Find "msp.add_text(s, height=height, dxfattribs=at).set_placement(p)" in the material below and restate exactly the line holding it together with every line that comes after.

=== INFORMATION PROVIDED ===

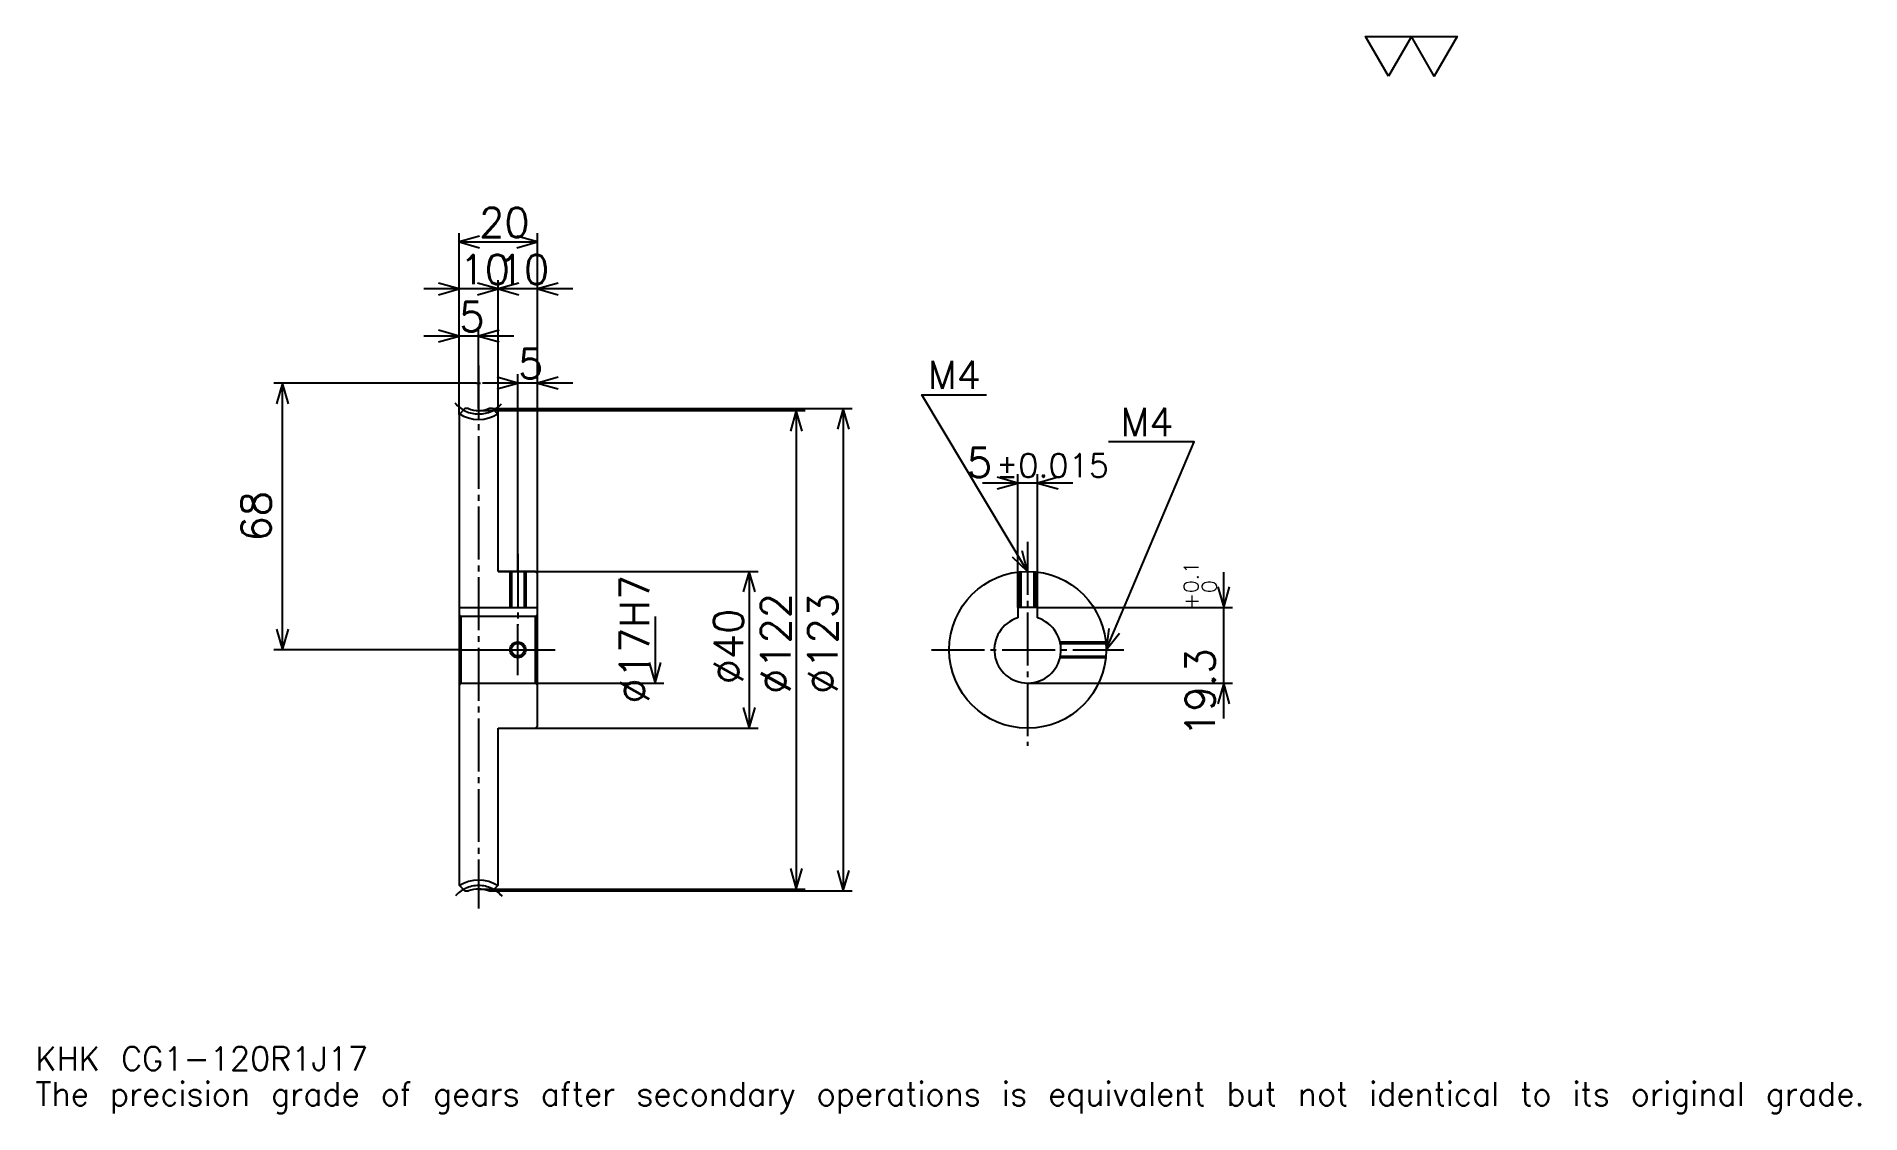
# Model space of a CAD drawing. Extents: x 15 to 480, y 6 to 280.
import ezdxf

# ---------------------------------------------------------------- set-up
doc = ezdxf.new("R2010")
doc.units = 0
doc.linetypes.add('DASHDOT', pattern=[18, 13.5, -1.5, 1.5, -1.5])
doc.layers.get('0').update_dxf_attribs({"linetype": 'CONTINUOUS'})
doc.layers.add('DASHDOT', color=6, linetype='DASHDOT')
doc.styles.add('KANJI', font='TXT', dxfattribs={"bigfont": 'BIGFONT'})

msp = doc.modelspace()

# ---------------------------------------------------------------- linework, layer by layer
at = {"color": 5}
for p, q in [((123, 185.25), (123, 230)), ((143, 185.25), (143, 230)), ((123, 227.75), (143, 227.75)), ((142, 215.75), (114, 215.75)), ((152, 215.75), (124, 215.75)), ((133, 185.25), (133, 218)), ((128, 185.25), (128, 206)), ((137, 203.75), (114, 203.75)), ((127.5, 191.75), (75.75, 191.75)), ((78, 123.75), (78, 191.75)), ((152, 191.75), (129, 191.75)), ((138, 185.25), (138, 194)), ((123, 183.75), (123, 185.25)), ((128, 184.75), (143, 184.75)), ((131.5, 185.25), (143, 185.25)), ((133, 183.75), (133, 185.25)), ((138, 143.75), (138, 185.25)), ((138, 143.75), (138, 185.25)), ((143, 185.25), (223.25, 185.25)), ((143, 143.25), (143, 185.25)), ((143, 184.75), (211.25, 184.75)), ((209, 184.75), (209, 62.75)), ((221, 185.25), (221, 62.25)), ((265.5, 134.550003), (265.5, 168.5)), ((270.5, 134.550003), (270.5, 168.5)), ((279.5, 166.25), (256.5, 166.25)), ((133, 143.75), (143, 143.75)), ((143, 143.75), (199.25, 143.75)), ((197, 143.75), (197, 103.75)), ((318, 106.25), (318, 143.550003)), ((173, 132.25), (173, 115.25)), ((270.5, 134.550003), (320.25, 134.550003)), ((123, 123.75), (75.75, 123.75)), ((143, 115.25), (175.25, 115.25)), ((268, 115.25), (320.25, 115.25)), ((133, 103.75), (143, 103.75)), ((143, 103.75), (199.25, 103.75)), ((128, 62.75), (143, 62.75)), ((131.5, 62.25), (143, 62.25)), ((143, 62.75), (211.25, 62.75)), ((143, 62.25), (223.25, 62.25))]:
    msp.add_line(p, q, dxfattribs=at)
at = {"color": 4}
for p, q in [((123, 134.550003), (143, 134.550003)), ((143, 132.75), (142.5, 132.25)), ((123, 114.75), (123.5, 115.25)), ((143, 114.75), (142.5, 115.25))]:
    msp.add_line(p, q, dxfattribs=at)
at = {"color": 7}
msp.add_lwpolyline([(360, 270), (354.149994, 280.140015), (377.549988, 280.140015), (371.700012, 270), (365.850006, 280.140015), (360, 270)], dxfattribs=at)
at = {"color": 5}
for points in [[(128.25, 229.25), (123, 227.75), (128.25, 226.25)], [(137.75, 226.25), (143, 227.75), (137.75, 229.25)], [(117.75, 214.25), (123, 215.75), (117.75, 217.25)], [(127.75, 214.25), (133, 215.75), (127.75, 217.25)], [(138.25, 217.25), (133, 215.75), (138.25, 214.25)], [(148.25, 217.25), (143, 215.75), (148.25, 214.25)], [(117.75, 202.25), (123, 203.75), (117.75, 205.25)], [(133.25, 205.25), (128, 203.75), (133.25, 202.25)], [(79.5, 186.5), (78, 191.75), (76.5, 186.5)], [(132.75, 190.25), (138, 191.75), (132.75, 193.25)], [(148.25, 193.25), (143, 191.75), (148.25, 190.25)], [(268, 143.75), (241, 188.75), (257.5, 188.75)], [(210.5, 179.5), (209, 184.75), (207.5, 179.5)], [(222.5, 180), (221, 185.25), (219.5, 180)], [(288, 123.75), (310.5, 176.75), (288.600006, 176.75)], [(260.25, 164.75), (265.5, 166.25), (260.25, 167.75)], [(275.75, 167.75), (270.5, 166.25), (275.75, 164.75)], [(264.012665, 147.480103), (268, 143.75), (266.585144, 149.02359)], [(198.5, 138.5), (197, 143.75), (195.5, 138.5)], [(316.5, 139.800003), (318, 134.550003), (319.5, 139.800003)], [(76.5, 129), (78, 123.75), (79.5, 129)], [(288.670837, 129.168716), (288, 123.75), (291.432281, 127.996399)], [(171.5, 120.5), (173, 115.25), (174.5, 120.5)], [(319.5, 110), (318, 115.25), (316.5, 110)], [(195.5, 109), (197, 103.75), (198.5, 109)], [(207.5, 68), (209, 62.75), (210.5, 68)], [(219.5, 67.5), (221, 62.25), (222.5, 67.5)]]:
    msp.add_lwpolyline(points, dxfattribs=at)
at = {"color": 4}
for points in [[(125.401924, 185.25), (124.5, 185.25), (123, 183.75), (123, 114.75)], [(133, 143.75), (133, 183.75), (131.5, 185.25), (130.598083, 185.25)], [(133, 103.75), (142.5, 103.75), (143, 104.25), (143, 143.25), (142.5, 143.75), (133, 143.75)], [(136, 143.75), (136, 134.550003)], [(136.380005, 143.75), (136.380005, 134.550003)], [(139.619995, 143.75), (139.619995, 134.550003)], [(140, 143.75), (140, 134.550003)], [(266, 134.550003), (266, 143.64975)], [(266.380005, 134.550003), (266.380005, 143.68428)], [(269.619995, 134.550003), (269.619995, 143.68428)], [(270, 134.550003), (270, 143.64975)], [(123, 132.75), (123.5, 132.25), (123.5, 115.25), (142.5, 115.25), (142.5, 132.25), (123.5, 132.25)], [(270.5, 131.874039), (270.5, 134.550003), (265.5, 134.550003), (265.5, 131.874039)], [(276.261353, 125.75), (287.89975, 125.75)], [(276.261353, 121.75), (287.89975, 121.75)], [(276.344177, 125.370003), (287.934265, 125.370003)], [(276.344177, 122.129997), (287.934265, 122.129997)], [(123, 114.75), (123, 63.75), (124.5, 62.25), (125.401924, 62.25)], [(130.598083, 62.25), (131.5, 62.25), (133, 63.75), (133, 103.75)]]:
    msp.add_lwpolyline(points, dxfattribs=at)
for centre, radius in [((268, 123.75), 20), ((138, 123.75), 1.62)]:
    msp.add_circle(centre, radius, dxfattribs=at)
at = {"color": 7}
msp.add_circle((138, 123.75), 2, dxfattribs=at)
at = {"color": 4}
for centre, radius, start, end in [((128, 191.75), 9.25, 237.27956006, 302.72043994), ((128, 191.75), 7, 248.21321192, 291.78678997), ((268, 123.75), 8.5, 107.10463483, 72.89536517), ((128, 55.75), 9.25, 57.27956006, 122.72043994), ((128, 55.75), 7, 68.21321003, 111.78678808)]:
    msp.add_arc(centre, radius, start, end, dxfattribs=at)
at = {"layer": 'DASHDOT', "color": 7}
for p, q in [((128, 196.25), (128, 57.75)), ((127.5, 191.75), (128.5, 191.75)), ((268, 151.25), (268, 99.25)), ((123, 123.75), (147.5, 123.75)), ((243.5, 123.75), (292.5, 123.75))]:
    msp.add_line(p, q, dxfattribs=at)
for points in [[(138, 148.25), (138, 130.050003)], [(138, 117.25), (138, 130.25)], [(131.5, 123.75), (144.5, 123.75)]]:
    msp.add_lwpolyline(points, dxfattribs=at)
for centre, start, end in [((128, 191.75), 220.00000049, 319.99999951), ((128, 55.75), 40.00000049, 139.99999951)]:
    msp.add_arc(centre, 7.88, start, end, dxfattribs=at)

# ---------------------------------------------------------------- texts
at = {"color": 7, "style": 'KANJI'}
for s, height, p in [('20', 7.5, (128.125, 228.949997)), ('10', 7.5, (123.125, 216.949997)), ('10', 7.5, (133.125, 216.949997)), ('5', 7.5, (123.0625, 204.949997)), ('5', 7.5, (138.0625, 192.949997)), ('M4', 7.2, (242.5, 190.25)), ('M4', 7.2, (291.600006, 178.25)), ('5', 7.5, (252.518509, 167.75)), ('%%p0.015', 6, (259.942596, 167.75)), ('KHK CG1-120R1J17', 6, (15, 16.5)), ('The precision grade of gears after secondary operations is equivalent but not identical to its original grade.', 6, (15, 7.5))]:
    msp.add_text(s, height=height, dxfattribs=at).set_placement(p)
for s, height, p in [('68', 7.5, (75, 151.375)), ('0.1', 3.75, (311.549988, 138.247787)), ('%%c17H7', 7.5, (171.5, 110.0625)), ('0', 3.75, (316.200012, 138.247787)), ('%%c122', 7.5, (207.5, 112.5)), ('%%c123', 7.5, (219.5, 112.5)), ('+', 3.75, (311.549988, 134.047775)), ('%%c40', 7.5, (195.5, 114.9375)), ('19.3', 7.5, (315.75, 101.584808))]:
    msp.add_text(s, height=height, rotation=90, dxfattribs=at).set_placement(p)

doc.saveas('drawing.dxf')

===

ANSWER TO THIS PROBLEM
    msp.add_text(s, height=height, dxfattribs=at).set_placement(p)
for s, height, p in [('68', 7.5, (75, 151.375)), ('0.1', 3.75, (311.549988, 138.247787)), ('%%c17H7', 7.5, (171.5, 110.0625)), ('0', 3.75, (316.200012, 138.247787)), ('%%c122', 7.5, (207.5, 112.5)), ('%%c123', 7.5, (219.5, 112.5)), ('+', 3.75, (311.549988, 134.047775)), ('%%c40', 7.5, (195.5, 114.9375)), ('19.3', 7.5, (315.75, 101.584808))]:
    msp.add_text(s, height=height, rotation=90, dxfattribs=at).set_placement(p)

doc.saveas('drawing.dxf')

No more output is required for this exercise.